FORD: Yeah, I call this the MSNBC political conversation. But it applies basically to all the media and to the general discussion of criminal justice as it transpires in the United States. There is the current–the school of thought that says that the criminal justice system is flawed but it can be fixed. And those are the folks who are asking for more Justice Department probes, whether triggered by some kind of automatic mechanism or just ad hoc, as we see the situation so far. Another school of thought says that the criminal justice system is broken and needs a major overhaul. And that’s usually considered to be a radical position.
But my position is that the system works just fine. It does exactly what it was designed to do. It acts with uniformity all across the United States and delivers, like clockwork, millions of black bodies to be incarcerated in the biggest gulag in the world. It does it quite efficiently. It cost a lot of money, but the money that’s spent is made by somebody. And it’s the uniformity, again, the system that shows that it is a well-oiled machine that has been working at the highest possible speed for the last 45 years. That’s not a broken system. If we look at it as a broken system, we’re just going to tinker with it. If we understand that it is a system that is accomplishing the mission of criminalizing a whole race of people, black folks, then we have to look in a much more systemic, societal-wide way at what we do about a criminal justice system that is itself a criminal enterprise.
DESVARIEUX: But, Glen, what do you do, then? Can we speak to specifics in terms of how do you fight this well-oiled machine, as you call it?
FORD: The people who are the target of that well-oiled machine have to mobilize. That’s where the resistance comes from. Since they have declared and treat black people as if we are all criminals, then it is incumbent upon all black folks to resist that system. And that’s what scares them. Ferguson stands out, Ferguson is thought to be possibly a kind of benchmark, not because of what happened to Michael Brown, ’cause that happens every damn day of the year. Ferguson is significant because black people stood up and refused to stand down. They had curfews /wɪkt/ on them and they did not respect them. They were intimidated by a militarized force that acted like it was Israeli in Gaza, and they did not back down. And so we saw that there is the potential, finally, after all these decades, for there to be a mass kind of upswelling of resistance among the targets of this criminal justice system, which is black people as a whole.

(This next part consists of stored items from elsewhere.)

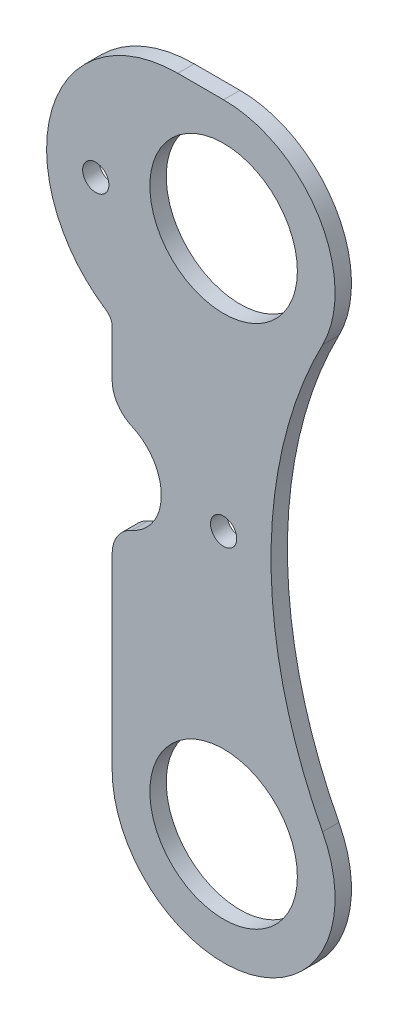
ISO-10303-21;
HEADER;
FILE_DESCRIPTION(('STEP AP214'),'2;1');
FILE_NAME('part.step','',(''),(''),'','','');
FILE_SCHEMA(('AUTOMOTIVE_DESIGN { 1 0 10303 214 1 1 1 1 }'));
ENDSEC;
DATA;
#1=APPLICATION_CONTEXT('core data for automotive mechanical design processes');
#2=APPLICATION_PROTOCOL_DEFINITION('international standard','automotive_design',2000,#1);
#3=PRODUCT_CONTEXT('',#1,'mechanical');
#4=PRODUCT('Part','Part','',(#3));
#5=PRODUCT_RELATED_PRODUCT_CATEGORY('part','',(#4));
#6=PRODUCT_DEFINITION_FORMATION('','',#4);
#7=PRODUCT_DEFINITION_CONTEXT('part definition',#1,'design');
#8=PRODUCT_DEFINITION('design','',#6,#7);
#9=PRODUCT_DEFINITION_SHAPE('','',#8);
#10=(LENGTH_UNIT() NAMED_UNIT(*) SI_UNIT(.MILLI.,.METRE.));
#11=(NAMED_UNIT(*) PLANE_ANGLE_UNIT() SI_UNIT($,.RADIAN.));
#12=(NAMED_UNIT(*) SI_UNIT($,.STERADIAN.) SOLID_ANGLE_UNIT());
#13=UNCERTAINTY_MEASURE_WITH_UNIT(LENGTH_MEASURE(1.E-05),#10,'distance_accuracy_value','');
#14=(GEOMETRIC_REPRESENTATION_CONTEXT(3) GLOBAL_UNCERTAINTY_ASSIGNED_CONTEXT((#13)) GLOBAL_UNIT_ASSIGNED_CONTEXT((#10,
#11,#12)) REPRESENTATION_CONTEXT('',''));
#15=CARTESIAN_POINT('',(0.,0.,0.));
#16=DIRECTION('',(0.,0.,1.));
#17=DIRECTION('',(1.,0.,0.));
#18=AXIS2_PLACEMENT_3D('',#15,#16,#17);
#19=CARTESIAN_POINT('',(0.,0.,3.175));
#20=DIRECTION('',(0.,0.,-1.));
#21=DIRECTION('',(-1.,0.,0.));
#22=AXIS2_PLACEMENT_3D('',#19,#20,#21);
#23=CYLINDRICAL_SURFACE('',#22,21.59);
#24=CARTESIAN_POINT('',(0.,0.,0.));
#25=DIRECTION('',(0.,0.,-1.));
#26=DIRECTION('',(-1.,0.,0.));
#27=AXIS2_PLACEMENT_3D('',#24,#25,#26);
#28=CIRCLE('',#27,21.59);
#29=CARTESIAN_POINT('',(0.,21.59,0.));
#30=VERTEX_POINT('',#29);
#31=CARTESIAN_POINT('',(19.1590830035103,-9.9527703914339,0.));
#32=VERTEX_POINT('',#31);
#33=EDGE_CURVE('E211',#30,#32,#28,.T.);
#34=ORIENTED_EDGE('',*,*,#33,.F.);
#35=DIRECTION('',(0.,0.,1.));
#36=VECTOR('',#35,1.);
#37=CARTESIAN_POINT('',(0.,21.59,0.));
#38=LINE('',#37,#36);
#39=CARTESIAN_POINT('',(0.,21.59,3.175));
#40=VERTEX_POINT('',#39);
#41=EDGE_CURVE('E166',#30,#40,#38,.T.);
#42=ORIENTED_EDGE('',*,*,#41,.T.);
#43=CARTESIAN_POINT('',(0.,0.,3.175));
#44=DIRECTION('',(0.,0.,-1.));
#45=DIRECTION('',(-1.,0.,0.));
#46=AXIS2_PLACEMENT_3D('',#43,#44,#45);
#47=CIRCLE('',#46,21.59);
#48=CARTESIAN_POINT('',(19.1590830035103,-9.9527703914339,3.175));
#49=VERTEX_POINT('',#48);
#50=EDGE_CURVE('E206',#40,#49,#47,.T.);
#51=ORIENTED_EDGE('',*,*,#50,.T.);
#52=DIRECTION('',(0.,0.,-1.));
#53=VECTOR('',#52,1.);
#54=CARTESIAN_POINT('',(19.1590830035103,-9.9527703914339,3.175));
#55=LINE('',#54,#53);
#56=EDGE_CURVE('E214',#49,#32,#55,.T.);
#57=ORIENTED_EDGE('',*,*,#56,.T.);
#58=EDGE_LOOP('',(#34,#42,#51,#57));
#59=FACE_BOUND('',#58,.T.);
#60=ADVANCED_FACE('F74',(#59),#23,.T.);
#61=CARTESIAN_POINT('',(0.,-101.6,3.175));
#62=DIRECTION('',(0.,0.,-1.));
#63=DIRECTION('',(-1.,0.,0.));
#64=AXIS2_PLACEMENT_3D('',#61,#62,#63);
#65=CYLINDRICAL_SURFACE('',#64,14.2875);
#66=CARTESIAN_POINT('',(0.,-101.6,3.175));
#67=DIRECTION('',(0.,0.,1.));
#68=DIRECTION('',(1.,0.,0.));
#69=AXIS2_PLACEMENT_3D('',#66,#67,#68);
#70=CIRCLE('',#69,14.2875);
#71=CARTESIAN_POINT('',(14.2875,-101.6,3.175));
#72=VERTEX_POINT('',#71);
#73=EDGE_CURVE('E226',#72,#72,#70,.T.);
#74=ORIENTED_EDGE('',*,*,#73,.T.);
#75=EDGE_LOOP('',(#74));
#76=FACE_BOUND('',#75,.T.);
#77=CARTESIAN_POINT('',(0.,-101.6,0.));
#78=DIRECTION('',(0.,0.,1.));
#79=DIRECTION('',(1.,0.,0.));
#80=AXIS2_PLACEMENT_3D('',#77,#78,#79);
#81=CIRCLE('',#80,14.2875);
#82=CARTESIAN_POINT('',(14.2875,-101.6,0.));
#83=VERTEX_POINT('',#82);
#84=EDGE_CURVE('E223',#83,#83,#81,.T.);
#85=ORIENTED_EDGE('',*,*,#84,.F.);
#86=EDGE_LOOP('',(#85));
#87=FACE_BOUND('',#86,.T.);
#88=ADVANCED_FACE('F304',(#76,#87),#65,.F.);
#89=CARTESIAN_POINT('',(0.,0.,3.175));
#90=DIRECTION('',(0.,0.,-1.));
#91=DIRECTION('',(-1.,0.,0.));
#92=AXIS2_PLACEMENT_3D('',#89,#90,#91);
#93=CYLINDRICAL_SURFACE('',#92,14.2875);
#94=CARTESIAN_POINT('',(0.,0.,3.175));
#95=DIRECTION('',(0.,0.,1.));
#96=DIRECTION('',(1.,0.,0.));
#97=AXIS2_PLACEMENT_3D('',#94,#95,#96);
#98=CIRCLE('',#97,14.2875);
#99=CARTESIAN_POINT('',(14.2875,0.,3.175));
#100=VERTEX_POINT('',#99);
#101=EDGE_CURVE('E232',#100,#100,#98,.T.);
#102=ORIENTED_EDGE('',*,*,#101,.T.);
#103=EDGE_LOOP('',(#102));
#104=FACE_BOUND('',#103,.T.);
#105=CARTESIAN_POINT('',(0.,0.,0.));
#106=DIRECTION('',(0.,0.,1.));
#107=DIRECTION('',(1.,0.,0.));
#108=AXIS2_PLACEMENT_3D('',#105,#106,#107);
#109=CIRCLE('',#108,14.2875);
#110=CARTESIAN_POINT('',(14.2875,0.,0.));
#111=VERTEX_POINT('',#110);
#112=EDGE_CURVE('E229',#111,#111,#109,.T.);
#113=ORIENTED_EDGE('',*,*,#112,.F.);
#114=EDGE_LOOP('',(#113));
#115=FACE_BOUND('',#114,.T.);
#116=ADVANCED_FACE('F309',(#104,#115),#93,.F.);
#117=CARTESIAN_POINT('',(0.,-50.8,3.175));
#118=DIRECTION('',(0.,0.,-1.));
#119=DIRECTION('',(-1.,0.,0.));
#120=AXIS2_PLACEMENT_3D('',#117,#118,#119);
#121=CYLINDRICAL_SURFACE('',#120,2.54);
#122=CARTESIAN_POINT('',(0.,-50.8,3.175));
#123=DIRECTION('',(0.,0.,1.));
#124=DIRECTION('',(1.,0.,0.));
#125=AXIS2_PLACEMENT_3D('',#122,#123,#124);
#126=CIRCLE('',#125,2.54);
#127=CARTESIAN_POINT('',(2.54000000000001,-50.8,3.175));
#128=VERTEX_POINT('',#127);
#129=EDGE_CURVE('E220',#128,#128,#126,.T.);
#130=ORIENTED_EDGE('',*,*,#129,.T.);
#131=EDGE_LOOP('',(#130));
#132=FACE_BOUND('',#131,.T.);
#133=CARTESIAN_POINT('',(0.,-50.8,0.));
#134=DIRECTION('',(0.,0.,1.));
#135=DIRECTION('',(1.,0.,0.));
#136=AXIS2_PLACEMENT_3D('',#133,#134,#135);
#137=CIRCLE('',#136,2.54);
#138=CARTESIAN_POINT('',(2.54000000000001,-50.8,0.));
#139=VERTEX_POINT('',#138);
#140=EDGE_CURVE('E217',#139,#139,#137,.T.);
#141=ORIENTED_EDGE('',*,*,#140,.F.);
#142=EDGE_LOOP('',(#141));
#143=FACE_BOUND('',#142,.T.);
#144=ADVANCED_FACE('F317',(#132,#143),#121,.F.);
#145=CARTESIAN_POINT('',(-21.59,12.7,3.175));
#146=DIRECTION('',(1.,0.,0.));
#147=DIRECTION('',(0.,1.,0.));
#148=AXIS2_PLACEMENT_3D('',#145,#146,#147);
#149=PLANE('',#148);
#150=DIRECTION('',(0.,-1.,0.));
#151=VECTOR('',#150,1.);
#152=CARTESIAN_POINT('',(-21.59,12.7,3.175));
#153=LINE('',#152,#151);
#154=CARTESIAN_POINT('',(-21.59,-27.2276429215239,3.175));
#155=VERTEX_POINT('',#154);
#156=CARTESIAN_POINT('',(-21.59,-36.2503221685152,3.175));
#157=VERTEX_POINT('',#156);
#158=EDGE_CURVE('E238',#155,#157,#153,.T.);
#159=ORIENTED_EDGE('',*,*,#158,.F.);
#160=DIRECTION('',(0.,0.,1.));
#161=VECTOR('',#160,1.);
#162=CARTESIAN_POINT('',(-21.59,-27.2276429215239,3.175));
#163=LINE('',#162,#161);
#164=CARTESIAN_POINT('',(-21.59,-27.2276429215239,0.));
#165=VERTEX_POINT('',#164);
#166=EDGE_CURVE('E89',#155,#165,#163,.F.);
#167=ORIENTED_EDGE('',*,*,#166,.T.);
#168=DIRECTION('',(0.,-1.,0.));
#169=VECTOR('',#168,1.);
#170=CARTESIAN_POINT('',(-21.59,12.7,0.));
#171=LINE('',#170,#169);
#172=CARTESIAN_POINT('',(-21.59,-36.2503221685152,0.));
#173=VERTEX_POINT('',#172);
#174=EDGE_CURVE('E242',#165,#173,#171,.T.);
#175=ORIENTED_EDGE('',*,*,#174,.T.);
#176=DIRECTION('',(0.,0.,1.));
#177=VECTOR('',#176,1.);
#178=CARTESIAN_POINT('',(-21.59,-36.2503221685152,3.175));
#179=LINE('',#178,#177);
#180=EDGE_CURVE('E253',#173,#157,#179,.T.);
#181=ORIENTED_EDGE('',*,*,#180,.T.);
#182=EDGE_LOOP('',(#159,#167,#175,#181));
#183=FACE_BOUND('',#182,.T.);
#184=ADVANCED_FACE('F319',(#183),#149,.F.);
#185=CARTESIAN_POINT('',(-21.59,-65.3496778314848,0.));
#186=VERTEX_POINT('',#185);
#187=CARTESIAN_POINT('',(-21.59,-101.6,0.));
#188=VERTEX_POINT('',#187);
#189=EDGE_CURVE('E235',#186,#188,#171,.T.);
#190=ORIENTED_EDGE('',*,*,#189,.T.);
#191=DIRECTION('',(0.,0.,1.));
#192=VECTOR('',#191,1.);
#193=CARTESIAN_POINT('',(-21.59,-101.6,0.));
#194=LINE('',#193,#192);
#195=CARTESIAN_POINT('',(-21.59,-101.6,3.175));
#196=VERTEX_POINT('',#195);
#197=EDGE_CURVE('E188',#188,#196,#194,.T.);
#198=ORIENTED_EDGE('',*,*,#197,.T.);
#199=CARTESIAN_POINT('',(-21.59,-65.3496778314848,3.175));
#200=VERTEX_POINT('',#199);
#201=EDGE_CURVE('E241',#200,#196,#153,.T.);
#202=ORIENTED_EDGE('',*,*,#201,.F.);
#203=DIRECTION('',(0.,0.,1.));
#204=VECTOR('',#203,1.);
#205=CARTESIAN_POINT('',(-21.59,-65.3496778314848,0.));
#206=LINE('',#205,#204);
#207=EDGE_CURVE('E260',#200,#186,#206,.F.);
#208=ORIENTED_EDGE('',*,*,#207,.T.);
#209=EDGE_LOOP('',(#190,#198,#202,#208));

Now is the stage in which we do discuss what do those now-energized masses of folks do about it on a tactical and strategic bases. We can’t do that today on the show.
DESVARIEUX: Alright, Glen. Well, we’ll do that next time you’re on. Hopefully we’ll get into some more specifics. Thank you so much for joining us.
FORD: [Thank you for the] opportunity.
DESVARIEUX: And thank you for joining us on The Real News Network.